What you will do
When the line with "#192=DIRECTION('',(1.,0.,0.));" appears below, start repeating lines exactly, and keep going through the line with "#216=DIRECTION('',(0.,0.,1.));"; add nothing outside that span.

Stored items from a collection
Start of Block

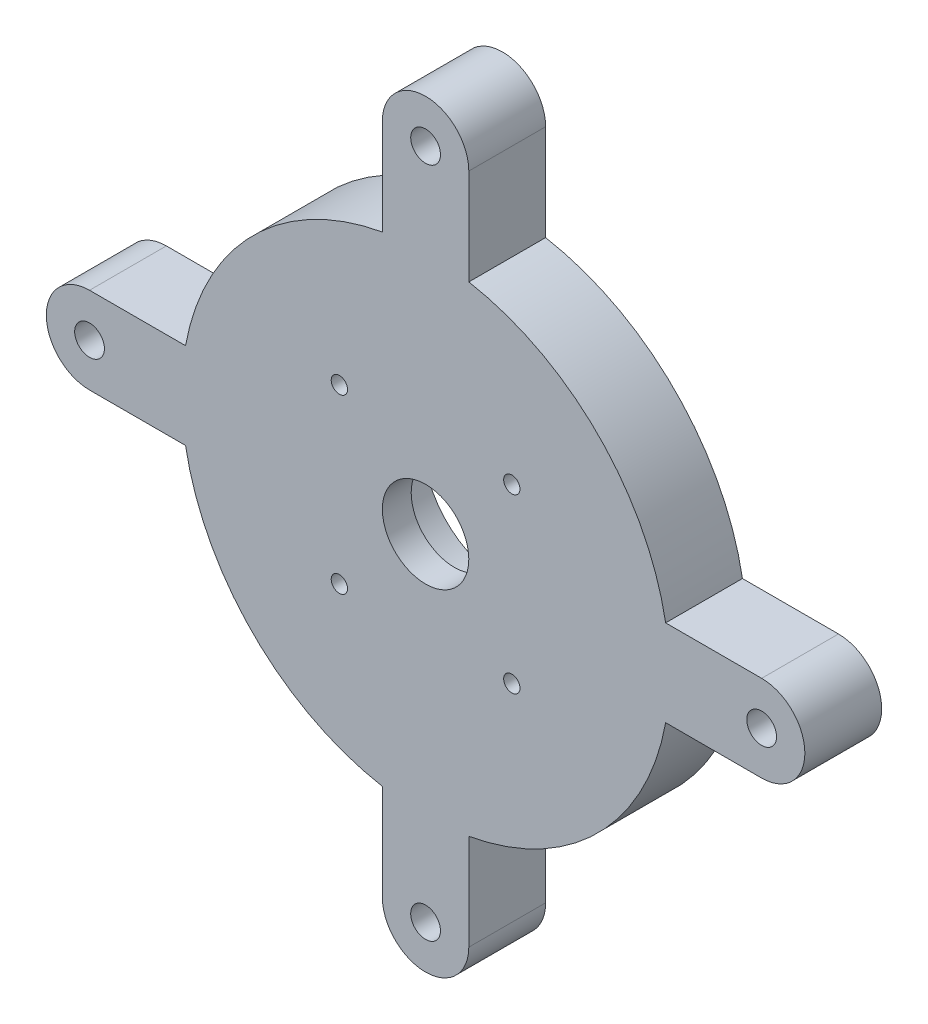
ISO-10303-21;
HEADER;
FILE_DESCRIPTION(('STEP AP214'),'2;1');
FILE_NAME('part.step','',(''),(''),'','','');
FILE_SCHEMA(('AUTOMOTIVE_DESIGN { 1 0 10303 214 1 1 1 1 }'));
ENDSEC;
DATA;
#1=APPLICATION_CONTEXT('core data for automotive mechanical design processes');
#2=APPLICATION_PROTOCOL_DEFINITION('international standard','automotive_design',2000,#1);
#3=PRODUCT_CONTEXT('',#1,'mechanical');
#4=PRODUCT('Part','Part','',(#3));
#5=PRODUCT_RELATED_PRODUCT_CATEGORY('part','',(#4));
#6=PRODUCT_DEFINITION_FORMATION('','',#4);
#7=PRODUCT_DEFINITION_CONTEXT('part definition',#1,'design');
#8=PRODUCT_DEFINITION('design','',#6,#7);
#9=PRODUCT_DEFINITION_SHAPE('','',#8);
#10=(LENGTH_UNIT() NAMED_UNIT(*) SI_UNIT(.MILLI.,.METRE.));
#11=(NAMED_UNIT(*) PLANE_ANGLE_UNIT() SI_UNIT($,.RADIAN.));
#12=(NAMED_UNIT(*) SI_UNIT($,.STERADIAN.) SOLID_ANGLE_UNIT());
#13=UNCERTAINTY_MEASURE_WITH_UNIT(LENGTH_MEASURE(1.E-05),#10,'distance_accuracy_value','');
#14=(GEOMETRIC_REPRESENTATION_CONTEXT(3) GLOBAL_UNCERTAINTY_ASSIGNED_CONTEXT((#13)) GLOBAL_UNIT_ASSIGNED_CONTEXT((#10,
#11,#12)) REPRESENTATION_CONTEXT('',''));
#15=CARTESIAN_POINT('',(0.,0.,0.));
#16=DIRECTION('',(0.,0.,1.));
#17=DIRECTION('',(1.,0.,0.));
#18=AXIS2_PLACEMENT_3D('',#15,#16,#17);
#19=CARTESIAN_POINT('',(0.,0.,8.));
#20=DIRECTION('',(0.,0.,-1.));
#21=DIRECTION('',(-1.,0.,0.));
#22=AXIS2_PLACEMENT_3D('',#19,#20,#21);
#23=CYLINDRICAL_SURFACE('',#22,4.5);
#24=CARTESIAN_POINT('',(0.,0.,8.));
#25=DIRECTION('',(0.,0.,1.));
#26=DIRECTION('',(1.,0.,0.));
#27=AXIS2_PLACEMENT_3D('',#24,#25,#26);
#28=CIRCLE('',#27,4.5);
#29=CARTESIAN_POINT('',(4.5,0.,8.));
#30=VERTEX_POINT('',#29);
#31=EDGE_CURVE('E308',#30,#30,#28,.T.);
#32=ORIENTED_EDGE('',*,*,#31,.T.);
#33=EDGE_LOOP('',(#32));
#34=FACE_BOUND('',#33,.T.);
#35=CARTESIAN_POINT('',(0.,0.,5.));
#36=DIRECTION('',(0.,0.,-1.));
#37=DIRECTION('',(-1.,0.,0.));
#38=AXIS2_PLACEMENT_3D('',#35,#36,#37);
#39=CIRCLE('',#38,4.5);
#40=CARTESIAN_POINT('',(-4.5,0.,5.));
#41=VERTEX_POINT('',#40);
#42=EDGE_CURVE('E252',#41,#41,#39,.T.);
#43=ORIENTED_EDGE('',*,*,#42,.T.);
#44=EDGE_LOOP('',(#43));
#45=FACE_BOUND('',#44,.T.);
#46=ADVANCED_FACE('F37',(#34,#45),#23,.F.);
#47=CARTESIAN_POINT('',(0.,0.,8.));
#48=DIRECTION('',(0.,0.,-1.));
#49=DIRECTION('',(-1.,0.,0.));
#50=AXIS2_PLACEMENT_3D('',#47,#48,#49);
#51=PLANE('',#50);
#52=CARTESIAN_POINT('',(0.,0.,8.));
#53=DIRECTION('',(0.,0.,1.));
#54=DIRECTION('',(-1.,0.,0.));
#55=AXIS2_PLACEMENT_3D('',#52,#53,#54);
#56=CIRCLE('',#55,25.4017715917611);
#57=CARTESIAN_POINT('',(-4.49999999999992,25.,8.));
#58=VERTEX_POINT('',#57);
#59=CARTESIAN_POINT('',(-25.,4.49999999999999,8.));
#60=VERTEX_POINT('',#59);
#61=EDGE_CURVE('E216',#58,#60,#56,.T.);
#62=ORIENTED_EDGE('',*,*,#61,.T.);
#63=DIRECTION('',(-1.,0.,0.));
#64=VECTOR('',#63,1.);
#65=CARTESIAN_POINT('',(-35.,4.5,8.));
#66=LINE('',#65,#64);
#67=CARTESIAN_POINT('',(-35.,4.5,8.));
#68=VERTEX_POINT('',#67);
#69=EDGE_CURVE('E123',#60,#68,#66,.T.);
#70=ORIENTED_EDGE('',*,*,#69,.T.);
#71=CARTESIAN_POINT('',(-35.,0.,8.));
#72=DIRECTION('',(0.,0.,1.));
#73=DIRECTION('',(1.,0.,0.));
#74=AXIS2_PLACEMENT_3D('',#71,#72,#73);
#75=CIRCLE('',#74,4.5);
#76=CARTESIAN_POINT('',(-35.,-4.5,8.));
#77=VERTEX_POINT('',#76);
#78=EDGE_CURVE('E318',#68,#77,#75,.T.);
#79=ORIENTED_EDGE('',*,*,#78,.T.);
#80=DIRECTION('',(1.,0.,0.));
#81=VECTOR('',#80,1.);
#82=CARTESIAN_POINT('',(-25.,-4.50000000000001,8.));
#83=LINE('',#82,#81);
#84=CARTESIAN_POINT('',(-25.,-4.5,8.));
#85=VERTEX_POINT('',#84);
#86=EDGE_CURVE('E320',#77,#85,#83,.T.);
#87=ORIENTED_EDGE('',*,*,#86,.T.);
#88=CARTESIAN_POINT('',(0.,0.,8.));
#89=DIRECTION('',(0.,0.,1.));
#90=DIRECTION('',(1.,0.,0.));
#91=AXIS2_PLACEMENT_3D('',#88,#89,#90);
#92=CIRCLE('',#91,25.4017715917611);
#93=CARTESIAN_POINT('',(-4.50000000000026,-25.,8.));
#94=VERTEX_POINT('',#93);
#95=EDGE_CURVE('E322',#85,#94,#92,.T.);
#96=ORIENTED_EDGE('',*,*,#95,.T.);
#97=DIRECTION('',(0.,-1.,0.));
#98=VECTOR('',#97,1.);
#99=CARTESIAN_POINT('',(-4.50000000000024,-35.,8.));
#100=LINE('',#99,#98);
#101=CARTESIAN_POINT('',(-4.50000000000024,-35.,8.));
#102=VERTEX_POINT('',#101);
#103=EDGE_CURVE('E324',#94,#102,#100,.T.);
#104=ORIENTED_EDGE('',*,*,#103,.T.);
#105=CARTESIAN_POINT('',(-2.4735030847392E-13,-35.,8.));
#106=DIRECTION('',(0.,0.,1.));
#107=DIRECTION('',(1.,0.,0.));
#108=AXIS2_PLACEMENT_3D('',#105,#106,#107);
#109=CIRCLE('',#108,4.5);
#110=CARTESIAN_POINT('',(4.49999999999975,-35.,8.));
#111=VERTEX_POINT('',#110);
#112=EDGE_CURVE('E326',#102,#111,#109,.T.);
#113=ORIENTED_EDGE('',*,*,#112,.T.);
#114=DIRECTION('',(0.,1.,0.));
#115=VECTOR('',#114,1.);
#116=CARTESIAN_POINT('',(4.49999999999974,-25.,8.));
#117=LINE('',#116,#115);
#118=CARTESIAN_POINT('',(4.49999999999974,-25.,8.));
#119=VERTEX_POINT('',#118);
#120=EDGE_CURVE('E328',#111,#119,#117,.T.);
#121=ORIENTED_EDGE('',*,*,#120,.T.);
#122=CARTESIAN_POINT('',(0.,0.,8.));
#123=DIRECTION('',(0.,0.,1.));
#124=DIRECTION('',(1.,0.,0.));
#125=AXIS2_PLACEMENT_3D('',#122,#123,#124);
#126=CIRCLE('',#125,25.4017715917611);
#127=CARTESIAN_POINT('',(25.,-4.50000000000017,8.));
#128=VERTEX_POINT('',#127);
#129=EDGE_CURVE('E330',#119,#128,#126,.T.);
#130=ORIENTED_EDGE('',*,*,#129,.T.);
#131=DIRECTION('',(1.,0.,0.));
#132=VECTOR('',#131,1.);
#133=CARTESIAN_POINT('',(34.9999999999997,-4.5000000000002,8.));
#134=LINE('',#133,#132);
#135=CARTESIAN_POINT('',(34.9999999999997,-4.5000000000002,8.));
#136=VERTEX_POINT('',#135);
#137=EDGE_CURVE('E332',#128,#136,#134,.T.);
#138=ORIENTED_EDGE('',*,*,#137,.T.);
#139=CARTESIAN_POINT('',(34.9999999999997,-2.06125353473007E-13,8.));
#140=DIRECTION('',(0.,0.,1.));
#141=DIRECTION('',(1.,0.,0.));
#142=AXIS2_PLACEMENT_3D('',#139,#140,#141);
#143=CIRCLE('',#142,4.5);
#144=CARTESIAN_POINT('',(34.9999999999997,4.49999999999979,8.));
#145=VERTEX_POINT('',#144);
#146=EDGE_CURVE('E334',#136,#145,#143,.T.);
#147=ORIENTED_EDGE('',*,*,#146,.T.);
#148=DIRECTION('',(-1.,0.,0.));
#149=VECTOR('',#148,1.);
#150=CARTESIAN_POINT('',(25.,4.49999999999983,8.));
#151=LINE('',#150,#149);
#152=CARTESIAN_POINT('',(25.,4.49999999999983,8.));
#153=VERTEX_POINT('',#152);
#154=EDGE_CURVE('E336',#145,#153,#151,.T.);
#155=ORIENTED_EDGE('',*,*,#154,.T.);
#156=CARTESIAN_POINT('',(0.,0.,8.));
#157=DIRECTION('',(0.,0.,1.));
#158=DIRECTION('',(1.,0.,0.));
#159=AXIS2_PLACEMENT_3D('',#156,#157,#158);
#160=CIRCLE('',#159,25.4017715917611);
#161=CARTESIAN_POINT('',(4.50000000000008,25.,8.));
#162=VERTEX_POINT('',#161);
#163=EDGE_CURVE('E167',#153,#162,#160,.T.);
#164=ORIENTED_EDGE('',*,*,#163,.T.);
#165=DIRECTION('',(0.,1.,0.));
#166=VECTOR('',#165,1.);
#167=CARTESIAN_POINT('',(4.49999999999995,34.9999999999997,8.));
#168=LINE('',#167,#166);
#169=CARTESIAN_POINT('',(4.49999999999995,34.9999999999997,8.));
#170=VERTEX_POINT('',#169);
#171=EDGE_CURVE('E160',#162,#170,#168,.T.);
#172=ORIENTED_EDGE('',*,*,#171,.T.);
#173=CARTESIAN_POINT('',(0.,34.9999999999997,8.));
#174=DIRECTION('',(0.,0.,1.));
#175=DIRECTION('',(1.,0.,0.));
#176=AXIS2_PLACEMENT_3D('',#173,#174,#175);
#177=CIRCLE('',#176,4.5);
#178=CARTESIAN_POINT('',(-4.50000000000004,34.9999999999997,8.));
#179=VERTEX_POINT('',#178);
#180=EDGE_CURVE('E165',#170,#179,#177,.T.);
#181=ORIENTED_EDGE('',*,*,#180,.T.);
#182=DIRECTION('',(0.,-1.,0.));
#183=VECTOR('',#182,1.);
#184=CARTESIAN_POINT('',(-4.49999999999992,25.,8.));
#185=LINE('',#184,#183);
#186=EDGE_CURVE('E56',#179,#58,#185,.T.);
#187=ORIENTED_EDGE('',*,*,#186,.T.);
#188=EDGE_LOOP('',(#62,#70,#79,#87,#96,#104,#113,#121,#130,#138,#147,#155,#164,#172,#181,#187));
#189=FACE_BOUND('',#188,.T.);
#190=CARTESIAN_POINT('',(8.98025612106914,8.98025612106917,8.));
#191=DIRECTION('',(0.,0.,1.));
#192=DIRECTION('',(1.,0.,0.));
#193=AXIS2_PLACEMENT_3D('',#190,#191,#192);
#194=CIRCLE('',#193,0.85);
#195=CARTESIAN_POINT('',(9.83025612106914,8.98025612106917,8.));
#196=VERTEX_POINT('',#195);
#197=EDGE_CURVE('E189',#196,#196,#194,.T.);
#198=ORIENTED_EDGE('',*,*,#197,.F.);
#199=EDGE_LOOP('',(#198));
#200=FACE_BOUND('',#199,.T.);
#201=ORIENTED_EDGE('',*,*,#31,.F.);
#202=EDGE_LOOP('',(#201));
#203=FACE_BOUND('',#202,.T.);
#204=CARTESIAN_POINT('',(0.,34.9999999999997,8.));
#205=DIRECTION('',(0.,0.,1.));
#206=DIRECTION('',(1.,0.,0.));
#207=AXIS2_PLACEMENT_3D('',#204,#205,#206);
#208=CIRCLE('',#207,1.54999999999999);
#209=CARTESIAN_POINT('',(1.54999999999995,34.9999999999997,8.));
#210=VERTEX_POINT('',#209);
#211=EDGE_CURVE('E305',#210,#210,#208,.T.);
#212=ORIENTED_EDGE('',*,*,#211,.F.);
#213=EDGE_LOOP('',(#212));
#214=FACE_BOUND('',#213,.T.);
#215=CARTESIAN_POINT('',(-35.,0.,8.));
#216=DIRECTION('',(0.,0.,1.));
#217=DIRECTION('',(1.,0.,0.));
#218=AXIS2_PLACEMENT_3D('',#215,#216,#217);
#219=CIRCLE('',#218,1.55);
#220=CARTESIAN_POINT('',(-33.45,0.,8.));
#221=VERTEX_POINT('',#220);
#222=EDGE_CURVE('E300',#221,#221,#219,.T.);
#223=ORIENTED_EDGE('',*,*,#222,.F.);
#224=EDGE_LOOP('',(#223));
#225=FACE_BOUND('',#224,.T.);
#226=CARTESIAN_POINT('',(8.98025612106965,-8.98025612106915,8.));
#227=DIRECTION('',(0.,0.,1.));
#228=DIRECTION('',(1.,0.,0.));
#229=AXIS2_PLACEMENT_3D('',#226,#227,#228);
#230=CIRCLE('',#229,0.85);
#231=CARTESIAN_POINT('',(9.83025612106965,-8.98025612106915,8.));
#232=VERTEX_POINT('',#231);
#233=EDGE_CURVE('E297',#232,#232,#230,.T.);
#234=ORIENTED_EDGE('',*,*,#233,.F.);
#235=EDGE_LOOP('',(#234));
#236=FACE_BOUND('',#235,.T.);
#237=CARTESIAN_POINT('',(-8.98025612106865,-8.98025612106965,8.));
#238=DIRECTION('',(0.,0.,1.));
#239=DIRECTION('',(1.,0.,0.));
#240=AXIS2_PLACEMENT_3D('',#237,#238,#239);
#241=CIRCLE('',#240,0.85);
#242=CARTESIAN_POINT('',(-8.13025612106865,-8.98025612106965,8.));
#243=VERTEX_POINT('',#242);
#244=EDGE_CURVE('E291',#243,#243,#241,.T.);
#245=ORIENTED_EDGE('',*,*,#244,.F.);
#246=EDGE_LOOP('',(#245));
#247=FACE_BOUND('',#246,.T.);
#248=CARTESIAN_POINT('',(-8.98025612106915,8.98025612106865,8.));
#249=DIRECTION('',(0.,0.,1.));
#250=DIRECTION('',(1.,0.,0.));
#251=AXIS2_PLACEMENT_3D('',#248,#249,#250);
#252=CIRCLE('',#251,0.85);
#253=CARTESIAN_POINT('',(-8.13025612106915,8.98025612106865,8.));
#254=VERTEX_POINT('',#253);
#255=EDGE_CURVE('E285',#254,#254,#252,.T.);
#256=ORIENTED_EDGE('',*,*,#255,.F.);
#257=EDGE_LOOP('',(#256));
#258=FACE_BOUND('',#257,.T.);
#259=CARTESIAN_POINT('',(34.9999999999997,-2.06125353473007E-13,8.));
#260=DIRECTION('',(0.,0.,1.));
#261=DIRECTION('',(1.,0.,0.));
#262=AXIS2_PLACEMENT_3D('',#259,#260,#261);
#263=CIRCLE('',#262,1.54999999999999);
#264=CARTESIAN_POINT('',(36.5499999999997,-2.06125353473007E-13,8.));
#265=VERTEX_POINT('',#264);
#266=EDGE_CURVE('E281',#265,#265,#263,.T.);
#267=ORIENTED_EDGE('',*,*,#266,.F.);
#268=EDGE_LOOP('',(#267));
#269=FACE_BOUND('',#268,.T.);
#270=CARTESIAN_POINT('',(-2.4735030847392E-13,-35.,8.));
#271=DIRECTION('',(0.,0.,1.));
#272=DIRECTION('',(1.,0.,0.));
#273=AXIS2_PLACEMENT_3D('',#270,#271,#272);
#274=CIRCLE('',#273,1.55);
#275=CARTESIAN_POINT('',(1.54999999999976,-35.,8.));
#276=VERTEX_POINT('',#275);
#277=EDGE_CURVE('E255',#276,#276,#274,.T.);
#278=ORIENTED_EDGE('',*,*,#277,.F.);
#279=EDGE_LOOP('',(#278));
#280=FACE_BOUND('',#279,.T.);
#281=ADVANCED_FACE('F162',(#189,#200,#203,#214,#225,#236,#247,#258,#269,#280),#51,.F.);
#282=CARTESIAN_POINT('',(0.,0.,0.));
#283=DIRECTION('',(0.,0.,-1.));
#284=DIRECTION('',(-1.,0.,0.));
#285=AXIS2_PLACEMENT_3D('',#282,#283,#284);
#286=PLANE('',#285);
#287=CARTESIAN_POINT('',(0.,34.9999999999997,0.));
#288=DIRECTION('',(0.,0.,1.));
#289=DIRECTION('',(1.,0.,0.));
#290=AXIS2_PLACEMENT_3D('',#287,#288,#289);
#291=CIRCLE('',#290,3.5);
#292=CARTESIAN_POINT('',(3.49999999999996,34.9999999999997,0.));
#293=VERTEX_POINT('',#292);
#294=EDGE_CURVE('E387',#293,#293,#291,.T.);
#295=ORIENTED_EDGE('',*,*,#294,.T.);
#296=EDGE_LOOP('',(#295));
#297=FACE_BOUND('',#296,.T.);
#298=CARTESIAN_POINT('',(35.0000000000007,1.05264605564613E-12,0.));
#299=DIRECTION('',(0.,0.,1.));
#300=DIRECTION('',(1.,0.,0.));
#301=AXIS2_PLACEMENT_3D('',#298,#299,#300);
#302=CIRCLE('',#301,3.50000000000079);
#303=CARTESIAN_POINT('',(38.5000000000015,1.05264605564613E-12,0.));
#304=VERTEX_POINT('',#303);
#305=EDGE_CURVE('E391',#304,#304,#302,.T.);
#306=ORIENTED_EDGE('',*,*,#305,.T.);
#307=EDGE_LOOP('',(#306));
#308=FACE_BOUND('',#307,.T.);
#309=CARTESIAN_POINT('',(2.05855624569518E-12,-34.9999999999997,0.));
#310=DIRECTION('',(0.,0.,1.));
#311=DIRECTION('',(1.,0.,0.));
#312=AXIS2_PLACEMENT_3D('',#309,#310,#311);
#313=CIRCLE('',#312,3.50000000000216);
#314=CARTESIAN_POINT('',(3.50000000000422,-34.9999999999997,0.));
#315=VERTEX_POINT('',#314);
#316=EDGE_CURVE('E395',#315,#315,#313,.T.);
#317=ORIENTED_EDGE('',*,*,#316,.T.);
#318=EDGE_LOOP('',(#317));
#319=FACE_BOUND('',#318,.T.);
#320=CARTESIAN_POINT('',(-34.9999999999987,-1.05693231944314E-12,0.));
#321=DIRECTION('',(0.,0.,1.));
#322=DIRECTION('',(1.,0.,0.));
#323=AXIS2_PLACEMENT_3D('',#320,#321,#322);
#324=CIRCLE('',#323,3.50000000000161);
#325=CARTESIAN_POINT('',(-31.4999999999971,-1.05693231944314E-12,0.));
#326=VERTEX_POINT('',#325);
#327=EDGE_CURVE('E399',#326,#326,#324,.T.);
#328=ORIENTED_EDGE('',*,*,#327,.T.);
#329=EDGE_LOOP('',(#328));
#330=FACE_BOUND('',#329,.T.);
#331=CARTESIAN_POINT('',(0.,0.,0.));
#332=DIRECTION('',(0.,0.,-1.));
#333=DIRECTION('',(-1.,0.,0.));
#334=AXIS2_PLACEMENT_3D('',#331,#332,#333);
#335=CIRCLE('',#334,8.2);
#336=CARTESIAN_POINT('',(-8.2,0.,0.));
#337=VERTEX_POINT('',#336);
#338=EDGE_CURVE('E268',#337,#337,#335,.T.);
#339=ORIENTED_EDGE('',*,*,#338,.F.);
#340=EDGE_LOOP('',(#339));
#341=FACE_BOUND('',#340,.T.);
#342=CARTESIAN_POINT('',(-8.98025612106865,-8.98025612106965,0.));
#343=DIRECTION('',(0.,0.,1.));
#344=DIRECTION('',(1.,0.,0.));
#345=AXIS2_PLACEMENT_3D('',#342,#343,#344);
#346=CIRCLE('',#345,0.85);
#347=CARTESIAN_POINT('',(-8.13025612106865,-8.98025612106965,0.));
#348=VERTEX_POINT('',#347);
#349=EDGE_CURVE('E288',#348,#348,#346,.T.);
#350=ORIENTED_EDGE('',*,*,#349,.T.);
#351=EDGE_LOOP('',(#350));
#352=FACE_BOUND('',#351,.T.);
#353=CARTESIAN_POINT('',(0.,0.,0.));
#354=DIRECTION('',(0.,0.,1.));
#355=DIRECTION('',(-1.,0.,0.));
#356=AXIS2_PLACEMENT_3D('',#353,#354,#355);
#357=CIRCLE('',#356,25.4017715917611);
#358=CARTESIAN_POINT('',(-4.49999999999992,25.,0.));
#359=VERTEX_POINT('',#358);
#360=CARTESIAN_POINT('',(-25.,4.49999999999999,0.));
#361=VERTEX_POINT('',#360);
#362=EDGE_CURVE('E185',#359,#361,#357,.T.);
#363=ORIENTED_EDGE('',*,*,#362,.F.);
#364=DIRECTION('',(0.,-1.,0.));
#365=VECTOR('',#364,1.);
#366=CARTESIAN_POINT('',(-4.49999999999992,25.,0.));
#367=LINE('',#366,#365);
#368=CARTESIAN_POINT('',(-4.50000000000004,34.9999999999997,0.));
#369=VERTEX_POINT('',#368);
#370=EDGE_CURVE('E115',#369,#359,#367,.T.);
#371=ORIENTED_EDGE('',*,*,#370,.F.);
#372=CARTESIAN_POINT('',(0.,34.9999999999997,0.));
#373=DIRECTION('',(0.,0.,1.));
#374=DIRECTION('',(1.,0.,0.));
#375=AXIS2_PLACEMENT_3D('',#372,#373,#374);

End of Block

Solution to the exercise
#192=DIRECTION('',(1.,0.,0.));
#193=AXIS2_PLACEMENT_3D('',#190,#191,#192);
#194=CIRCLE('',#193,0.85);
#195=CARTESIAN_POINT('',(9.83025612106914,8.98025612106917,8.));
#196=VERTEX_POINT('',#195);
#197=EDGE_CURVE('E189',#196,#196,#194,.T.);
#198=ORIENTED_EDGE('',*,*,#197,.F.);
#199=EDGE_LOOP('',(#198));
#200=FACE_BOUND('',#199,.T.);
#201=ORIENTED_EDGE('',*,*,#31,.F.);
#202=EDGE_LOOP('',(#201));
#203=FACE_BOUND('',#202,.T.);
#204=CARTESIAN_POINT('',(0.,34.9999999999997,8.));
#205=DIRECTION('',(0.,0.,1.));
#206=DIRECTION('',(1.,0.,0.));
#207=AXIS2_PLACEMENT_3D('',#204,#205,#206);
#208=CIRCLE('',#207,1.54999999999999);
#209=CARTESIAN_POINT('',(1.54999999999995,34.9999999999997,8.));
#210=VERTEX_POINT('',#209);
#211=EDGE_CURVE('E305',#210,#210,#208,.T.);
#212=ORIENTED_EDGE('',*,*,#211,.F.);
#213=EDGE_LOOP('',(#212));
#214=FACE_BOUND('',#213,.T.);
#215=CARTESIAN_POINT('',(-35.,0.,8.));
#216=DIRECTION('',(0.,0.,1.));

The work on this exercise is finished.